■ **Problem to work on**: Once the line with "Constant3/1 -> Product1/1" is found in the entries below, print it and each following line exactly, stopping after the line with "Sum3/1 -> min"; print nothing else.

■ **Source data**:

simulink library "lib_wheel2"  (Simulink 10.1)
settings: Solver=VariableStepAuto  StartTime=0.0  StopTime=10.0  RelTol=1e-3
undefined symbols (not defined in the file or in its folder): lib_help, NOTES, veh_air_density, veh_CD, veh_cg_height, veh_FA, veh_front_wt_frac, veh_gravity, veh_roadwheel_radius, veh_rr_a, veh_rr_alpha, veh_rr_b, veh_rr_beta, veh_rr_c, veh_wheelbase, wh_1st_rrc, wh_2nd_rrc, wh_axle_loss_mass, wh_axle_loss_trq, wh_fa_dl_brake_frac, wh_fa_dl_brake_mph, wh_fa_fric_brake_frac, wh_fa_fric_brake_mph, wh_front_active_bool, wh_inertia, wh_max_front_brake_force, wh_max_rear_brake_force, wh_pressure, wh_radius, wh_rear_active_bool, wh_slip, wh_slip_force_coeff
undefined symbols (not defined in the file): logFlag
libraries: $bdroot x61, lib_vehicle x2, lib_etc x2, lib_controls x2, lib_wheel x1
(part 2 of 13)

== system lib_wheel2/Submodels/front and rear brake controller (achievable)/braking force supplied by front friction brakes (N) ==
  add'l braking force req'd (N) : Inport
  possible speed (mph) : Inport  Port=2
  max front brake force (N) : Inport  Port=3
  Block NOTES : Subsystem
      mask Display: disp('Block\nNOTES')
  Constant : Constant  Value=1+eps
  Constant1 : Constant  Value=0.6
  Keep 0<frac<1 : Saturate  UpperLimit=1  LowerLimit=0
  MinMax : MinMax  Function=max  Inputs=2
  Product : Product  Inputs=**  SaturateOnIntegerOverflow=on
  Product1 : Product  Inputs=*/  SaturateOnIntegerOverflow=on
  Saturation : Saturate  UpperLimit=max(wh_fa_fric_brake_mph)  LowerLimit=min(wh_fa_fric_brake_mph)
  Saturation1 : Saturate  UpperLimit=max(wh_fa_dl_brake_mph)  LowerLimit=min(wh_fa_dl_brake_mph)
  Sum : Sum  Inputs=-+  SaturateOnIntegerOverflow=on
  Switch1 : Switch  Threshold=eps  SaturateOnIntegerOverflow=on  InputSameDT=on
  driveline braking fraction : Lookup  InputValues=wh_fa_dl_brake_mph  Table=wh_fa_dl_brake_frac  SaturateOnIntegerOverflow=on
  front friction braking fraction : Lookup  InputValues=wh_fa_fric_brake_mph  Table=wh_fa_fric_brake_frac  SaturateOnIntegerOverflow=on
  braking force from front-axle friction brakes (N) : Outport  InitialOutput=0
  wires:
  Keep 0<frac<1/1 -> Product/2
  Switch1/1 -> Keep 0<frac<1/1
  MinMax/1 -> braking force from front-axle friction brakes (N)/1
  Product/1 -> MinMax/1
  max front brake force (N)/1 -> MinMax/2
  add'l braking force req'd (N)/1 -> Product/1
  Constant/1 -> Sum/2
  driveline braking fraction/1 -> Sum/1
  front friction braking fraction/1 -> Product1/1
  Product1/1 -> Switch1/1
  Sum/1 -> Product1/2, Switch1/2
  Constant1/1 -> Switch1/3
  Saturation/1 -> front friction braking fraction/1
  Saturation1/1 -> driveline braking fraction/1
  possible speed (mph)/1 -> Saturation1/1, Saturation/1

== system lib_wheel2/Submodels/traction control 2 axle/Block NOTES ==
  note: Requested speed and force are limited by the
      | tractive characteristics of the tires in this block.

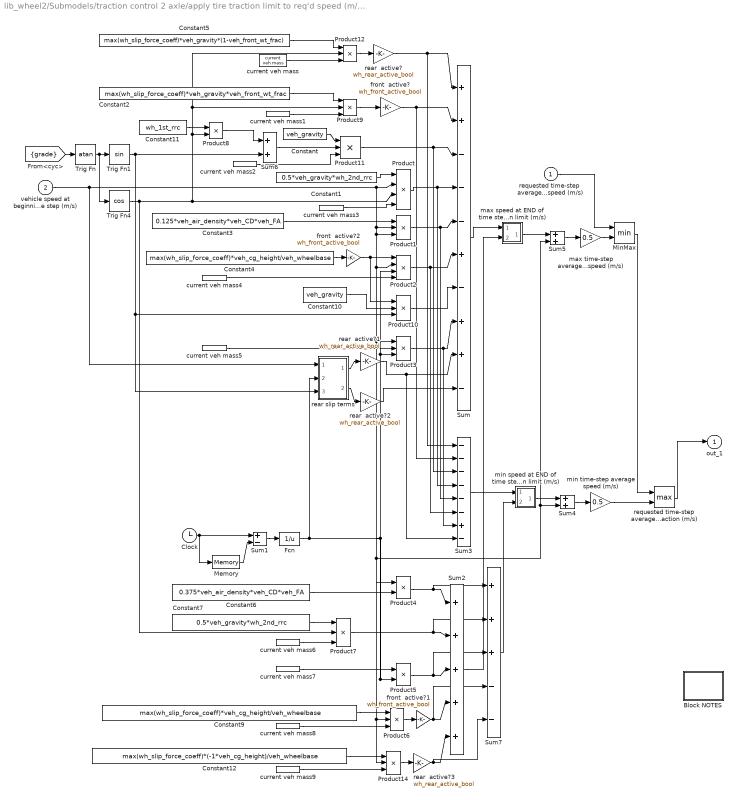
== system lib_wheel2/Submodels/traction control 2 axle/apply tire traction limit to req'd speed (m/s) ==
  "requested time-step  average vehicle speed (m/s) " : Inport
  vehicle speed at beginning of time step (m/s) : Inport  Port=2
  Block NOTES : Subsystem
      mask Display: disp('Block\nNOTES')
  Clock : Clock
  Constant : Constant  Value=veh_gravity
  Constant1 : Constant  Value=0.5*veh_gravity*wh_2nd_rrc
  Constant10 : Constant  Value=veh_gravity
  Constant11 : Constant  Value=wh_1st_rrc
  Constant12 : Constant  Value=max(wh_slip_force_coeff)*(-1*veh_cg_height)/veh_wheelbase
  Constant2 : Constant  Value=max(wh_slip_force_coeff)*veh_gravity*veh_front_wt_frac
  Constant3 : Constant  Value=0.125*veh_air_density*veh_CD*veh_FA
  Constant4 : Constant  Value=max(wh_slip_force_coeff)*veh_cg_height/veh_wheelbase
  Constant5 : Constant  Value=max(wh_slip_force_coeff)*veh_gravity*(1-veh_front_wt_frac)
  Constant6 : Constant  Value=0.375*veh_air_density*veh_CD*veh_FA
  Constant7 : Constant  Value=0.5*veh_gravity*wh_2nd_rrc
  Constant9 : Constant  Value=max(wh_slip_force_coeff)*veh_cg_height/veh_wheelbase
  Fcn : Fcn  Expr=1/u
  Memory : Memory  InitialCondition=-0.1
  MinMax : MinMax  Inputs=2
  Product : Product  Inputs=4  SaturateOnIntegerOverflow=on
  Product{1,3,6..7,9..12,14} (9 alike) : Product  Inputs=3  SaturateOnIntegerOverflow=on
  Product2 : Product  Inputs=4  SaturateOnIntegerOverflow=on
  Product4 : Product  SaturateOnIntegerOverflow=on
  Product5 : Product  SaturateOnIntegerOverflow=on
  Product8 : Product  SaturateOnIntegerOverflow=on
  Sum : Sum  Inputs=++---+-++-  SaturateOnIntegerOverflow=on
  Sum1 : Sum  Inputs=+-  SaturateOnIntegerOverflow=on
  Sum2 : Sum  Inputs=+++++  SaturateOnIntegerOverflow=on
  Sum3 : Sum  Inputs=------+-  SaturateOnIntegerOverflow=on
  Sum4 : Sum  SaturateOnIntegerOverflow=on
  Sum5 : Sum  SaturateOnIntegerOverflow=on
  Sum6 : Sum  SaturateOnIntegerOverflow=on
  Sum7 : Sum  Inputs=+++--  SaturateOnIntegerOverflow=on
  Trig Fn4 : Trigonometry  Operator=cos
  Trig Fn : Trigonometry  Operator=atan
  Trig Fn1 : Trigonometry
  current veh mass{,1..9} (10 alike) : $bdroot/Submodels/current veh mass
      settings: RTWFcnNameOpts=Auto  RTWFileNameOpts=Auto
  front  active? : Gain  Gain=wh_front_active_bool  SaturateOnIntegerOverflow=on
  front  active?1 : Gain  Gain=wh_front_active_bool  SaturateOnIntegerOverflow=on
  front  active?2 : Gain  Gain=wh_front_active_bool  SaturateOnIntegerOverflow=on
  max speed at END of time step given tire traction limit (m/s) : Subsystem
      mask Display: disp('/')
  max time-step average speed (m/s) : Gain  Gain=0.5  SaturateOnIntegerOverflow=on
  min speed at END of time step given tire traction limit (m/s) : Subsystem
      mask Display: disp('/')
  min time-step average speed (m/s) : Gain  Gain=0.5  SaturateOnIntegerOverflow=on
  rear  active?{,1..3} (4 alike) : Gain  Gain=wh_rear_active_bool  SaturateOnIntegerOverflow=on
  rear slip terms : Subsystem
  requested time-step average speed limited by tire traction (m/s) : MinMax  Function=max  Inputs=2
  out_1 : Outport  InitialOutput=0
  wires:
  Constant1/1 -> Product/1
  Constant3/1 -> Product1/1
  Fcn/1 -> Product2/3, Product3/3, Product5/2, Product6/2, Product14/2, rear slip terms/2(1/dt)
  Sum/1 -> max speed at END of time step given tire traction limit (m/s)/1(in_1)
  Product1/1 -> Sum/5, Sum3/5
  Product/1 -> Sum/4, Sum3/4
  Product9/1 -> front  active?/1
  Product2/1 -> Sum/6, Sum3/6
  max speed at END of time step given tire traction limit (m/s)/1(out_1) -> Sum5/1
  [grade] -> Trig Fn/1
  vehicle speed at beginning of time step (m/s)/1 -> Product/2, Product1/2, Product1/3, Product2/2, Product3/1, Product4/1, Sum4/2, Sum5/2, rear slip terms/1(initial speed)
  Trig Fn/1 -> Trig Fn1/1, Trig Fn4/1
  Product6/1 -> front  active?1/1
  Product5/1 -> Sum7/3, Sum2/3
  Product7/1 -> Sum7/2, Sum2/2
  Product4/1 -> Sum7/1, Sum2/1
  Constant6/1 -> Product4/2
  Constant9/1 -> Product6/1
  Constant7/1 -> Product7/1
  Sum7/1 -> min speed at END of time step given tire traction limit (m/s)/2(in_2)
  Sum3/1 -> min speed at END of time step given tire traction limit (m/s)/1(in_1)
  MinMax/1 -> requested time-step average speed limited by tire traction (m/s)/1
  min speed at END of time step given tire traction limit (m/s)/1(out_1) -> Sum4/1
  Sum4/1 -> min time-step average speed (m/s)/1
  requested time-step average speed limited by tire traction (m/s)/1 -> out_1/1
  min time-step average speed (m/s)/1 -> requested time-step average speed limited by tire traction (m/s)/2
  Sum2/1 -> max speed at END of time step given tire traction limit (m/s)/2(in_2)
  current veh mass7/1 -> Product5/1
  Memory/1 -> Sum1/2
  Sum1/1 -> Fcn/1
  Clock/1 -> Sum1/1, Memory/1
  Trig Fn4/1 -> Product7/2, Product/3, Product8/2, Product9/2, Product12/2
  Product8/1 -> Sum6/1
  Constant11/1 -> Product8/1
  Constant2/1 -> Product9/1
  Sum5/1 -> max time-step average speed (m/s)/1
  "requested time-step  average vehicle speed (m/s) "/1 -> MinMax/1
  max time-step average speed (m/s)/1 -> MinMax/2
  current veh mass5/1 -> Product3/2
  Product3/1 -> Sum/8, Sum3/7
  Product10/1 -> Sum/7
  Constant4/1 -> front  active?2/1
  Constant10/1 -> Product10/2
  Trig Fn1/1 -> Sum6/2, Product10/3, rear slip terms/3(sin(theta))
  Sum6/1 -> Product11/2
  Product11/1 -> Sum/3, Sum3/3
  Constant/1 -> Product11/1
  current veh mass2/1 -> Product11/3
  current veh mass3/1 -> Product/4
  current veh mass1/1 -> Product9/3
  current veh mass4/1 -> Product2/4
  current veh mass6/1 -> Product7/3
  current veh mass8/1 -> Product6/3
  Product12/1 -> rear  active?/1
  Constant5/1 -> Product12/1
  current veh mass/1 -> Product12/3
  rear  active?/1 -> Sum/1, Sum3/1
  rear slip terms/1(Out1) -> rear  active?1/1
  rear slip terms/2(Out2) -> rear  active?2/1
  Product14/1 -> rear  active?3/1
  Constant12/1 -> Product14/1
  current veh mass9/1 -> Product14/3
  rear  active?1/1 -> Sum/9, Sum3/8
  rear  active?2/1 -> Sum/10
  rear  active?3/1 -> Sum7/5, Sum2/5
  front  active?/1 -> Sum/2, Sum3/2
  front  active?1/1 -> Sum7/4, Sum2/4
  front  active?2/1 -> Product2/1, Product10/1

== system lib_wheel2/Submodels/traction control 2 axle/enforce max.  front axle tractive force  due to slip (N) ==
  tractive force req'd at tire/road interface (N) : Inport
  requested time-step average vehicle speed (m/s) : Inport  Port=2
  speed at beginning of time step (m/s) : Inport  Port=3
  " " : MinMax  Inputs=2
  Block NOTES : Subsystem
      mask Display: disp('Block\nNOTES')
  Constant2 : Constant  Value=max(wh_slip_force_coeff)
  Gain : Gain  Gain=-1  SaturateOnIntegerOverflow=on
  Product1 : Product  SaturateOnIntegerOverflow=on
  Product2 : Product  SaturateOnIntegerOverflow=on
  Product3 : Product  Inputs=*/  SaturateOnIntegerOverflow=on
  Product4 : Product  Inputs=*/  SaturateOnIntegerOverflow=on
  Sum1 : Sum  SaturateOnIntegerOverflow=on
  Sum2 : Sum  SaturateOnIntegerOverflow=on
  front : Subsystem
  front  active? : Gain  Gain=wh_front_active_bool  SaturateOnIntegerOverflow=on
  front traction ratio : ToWorkspace  VariableName=front_traction_ratio_orig
  rear : Subsystem
  rear  active? : Gain  Gain=wh_rear_active_bool  SaturateOnIntegerOverflow=on
  tractive force request limited by slip-threshhold force (N)1 : MinMax  Function=max  Inputs=2
  slip-limited force (N) : Outport  InitialOutput=0
  weight on front axle (N) : Outport  Port=2  InitialOutput=0
  weight on rear axle (N) : Outport  Port=3  InitialOutput=0
  front/total traction ratio : Outport  Port=4  InitialOutput=0
  wires:
  front/1(Out1) -> Product2/1, weight on front axle (N)/1
  requested time-step average vehicle speed (m/s)/1 -> front/1(In1), rear/1(In1)
  speed at beginning of time step (m/s)/1 -> front/2(In2), rear/2(In2)
  Gain/1 -> tractive force request limited by slip-threshhold force (N)1/2
  Constant2/1 -> Product2/2, Product1/2
  tractive force req'd at tire/road interface (N)/1 -> " "/2
  " "/1 -> tractive force request limited by slip-threshhold force (N)1/1
  tractive force request limited by slip-threshhold force (N)1/1 -> slip-limited force (N)/1
  rear/1(Out1) -> weight on rear axle (N)/1, Product1/1
  Sum1/1 -> " "/1, Gain/1, Product3/2
  Product1/1 -> rear  active?/1, Sum2/2
  Product2/1 -> front  active?/1, Sum2/1, Product4/1
  Product3/1 -> front/total traction ratio/1
  front  active?/1 -> Sum1/1, Product3/1
  rear  active?/1 -> Sum1/2
  Sum2/1 -> Product4/2
  Product4/1 -> front traction ratio/1

== system lib_wheel2/Submodels/traction control J2452 2 axle/Block NOTES ==
  note: Requested speed and force are limited by the
      | tractive characteristics of the tires in this block.

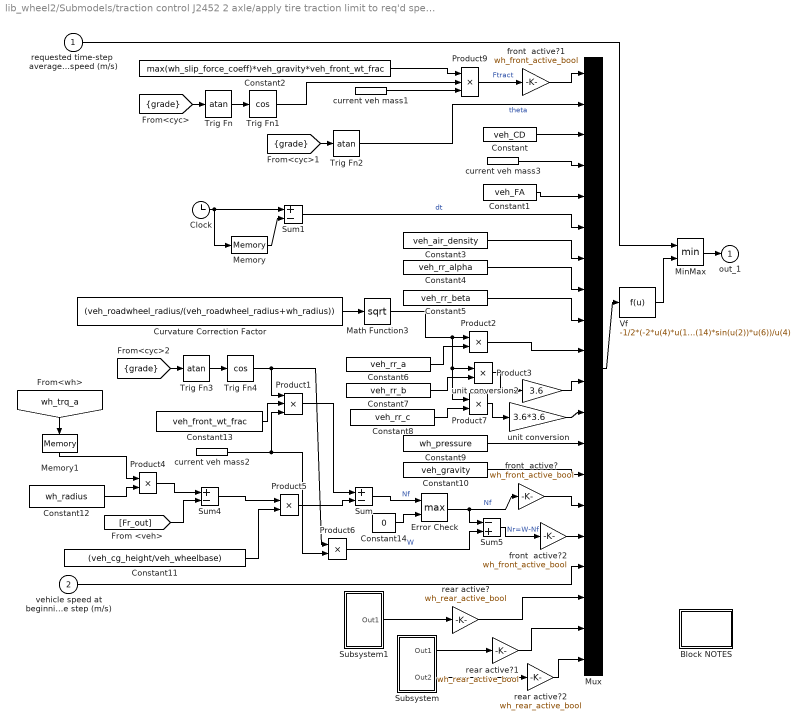
== system lib_wheel2/Submodels/traction control J2452 2 axle/apply tire traction limit to req'd speed (m/s) ==
  "requested time-step  average vehicle speed (m/s) " : Inport
  vehicle speed at beginning of time step (m/s) : Inport  Port=2
  Block NOTES : Subsystem
      mask Display: disp('Block\nNOTES')
  Clock : Clock
  Constant : Constant  Value=veh_CD
  Constant1 : Constant  Value=veh_FA
  Constant10 : Constant  Value=veh_gravity
  Constant11 : Constant  Value=(veh_cg_height/veh_wheelbase)
  Constant12 : Constant  Value=wh_radius
  Constant13 : Constant  Value=veh_front_wt_frac
  Constant14 : Constant  Value=0
  Constant2 : Constant  Value=max(wh_slip_force_coeff)*veh_gravity*veh_front_wt_frac
  Constant3 : Constant  Value=veh_air_density
  Constant4 : Constant  Value=veh_rr_alpha
  Constant5 : Constant  Value=veh_rr_beta
  Constant6 : Constant  Value=veh_rr_a
  Constant7 : Constant  Value=veh_rr_b
  Constant8 : Constant  Value=veh_rr_c
  Constant9 : Constant  Value=wh_pressure
  Curvature Correction Factor : Constant  Value=(veh_roadwheel_radius/(veh_roadwheel_radius+wh_radius))  VectorParams1D=off
  Error Check : MinMax  Function=max  Inputs=2
  Math Function3 : Math  Operator=sqrt  SaturateOnIntegerOverflow=on
  Memory : Memory  InitialCondition=-0.1
  Memory1 : Memory  InitialCondition=-0.1
  MinMax : MinMax  Inputs=2
  Mux : Mux  Inputs=20
  Product1 : Product  Inputs=3  SaturateOnIntegerOverflow=on
  Product{2..7} (6 alike) : Product  SaturateOnIntegerOverflow=on
  Product9 : Product  Inputs=3  SaturateOnIntegerOverflow=on
  Subsystem : Subsystem
  Subsystem1 : Subsystem
  Sum : Sum  Inputs=+-  SaturateOnIntegerOverflow=on
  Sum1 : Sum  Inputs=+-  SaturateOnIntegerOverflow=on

■ **Result**:
  Constant3/1 -> Product1/1
  Fcn/1 -> Product2/3, Product3/3, Product5/2, Product6/2, Product14/2, rear slip terms/2(1/dt)
  Sum/1 -> max speed at END of time step given tire traction limit (m/s)/1(in_1)
  Product1/1 -> Sum/5, Sum3/5
  Product/1 -> Sum/4, Sum3/4
  Product9/1 -> front  active?/1
  Product2/1 -> Sum/6, Sum3/6
  max speed at END of time step given tire traction limit (m/s)/1(out_1) -> Sum5/1
  [grade] -> Trig Fn/1
  vehicle speed at beginning of time step (m/s)/1 -> Product/2, Product1/2, Product1/3, Product2/2, Product3/1, Product4/1, Sum4/2, Sum5/2, rear slip terms/1(initial speed)
  Trig Fn/1 -> Trig Fn1/1, Trig Fn4/1
  Product6/1 -> front  active?1/1
  Product5/1 -> Sum7/3, Sum2/3
  Product7/1 -> Sum7/2, Sum2/2
  Product4/1 -> Sum7/1, Sum2/1
  Constant6/1 -> Product4/2
  Constant9/1 -> Product6/1
  Constant7/1 -> Product7/1
  Sum7/1 -> min speed at END of time step given tire traction limit (m/s)/2(in_2)
  Sum3/1 -> min speed at END of time step given tire traction limit (m/s)/1(in_1)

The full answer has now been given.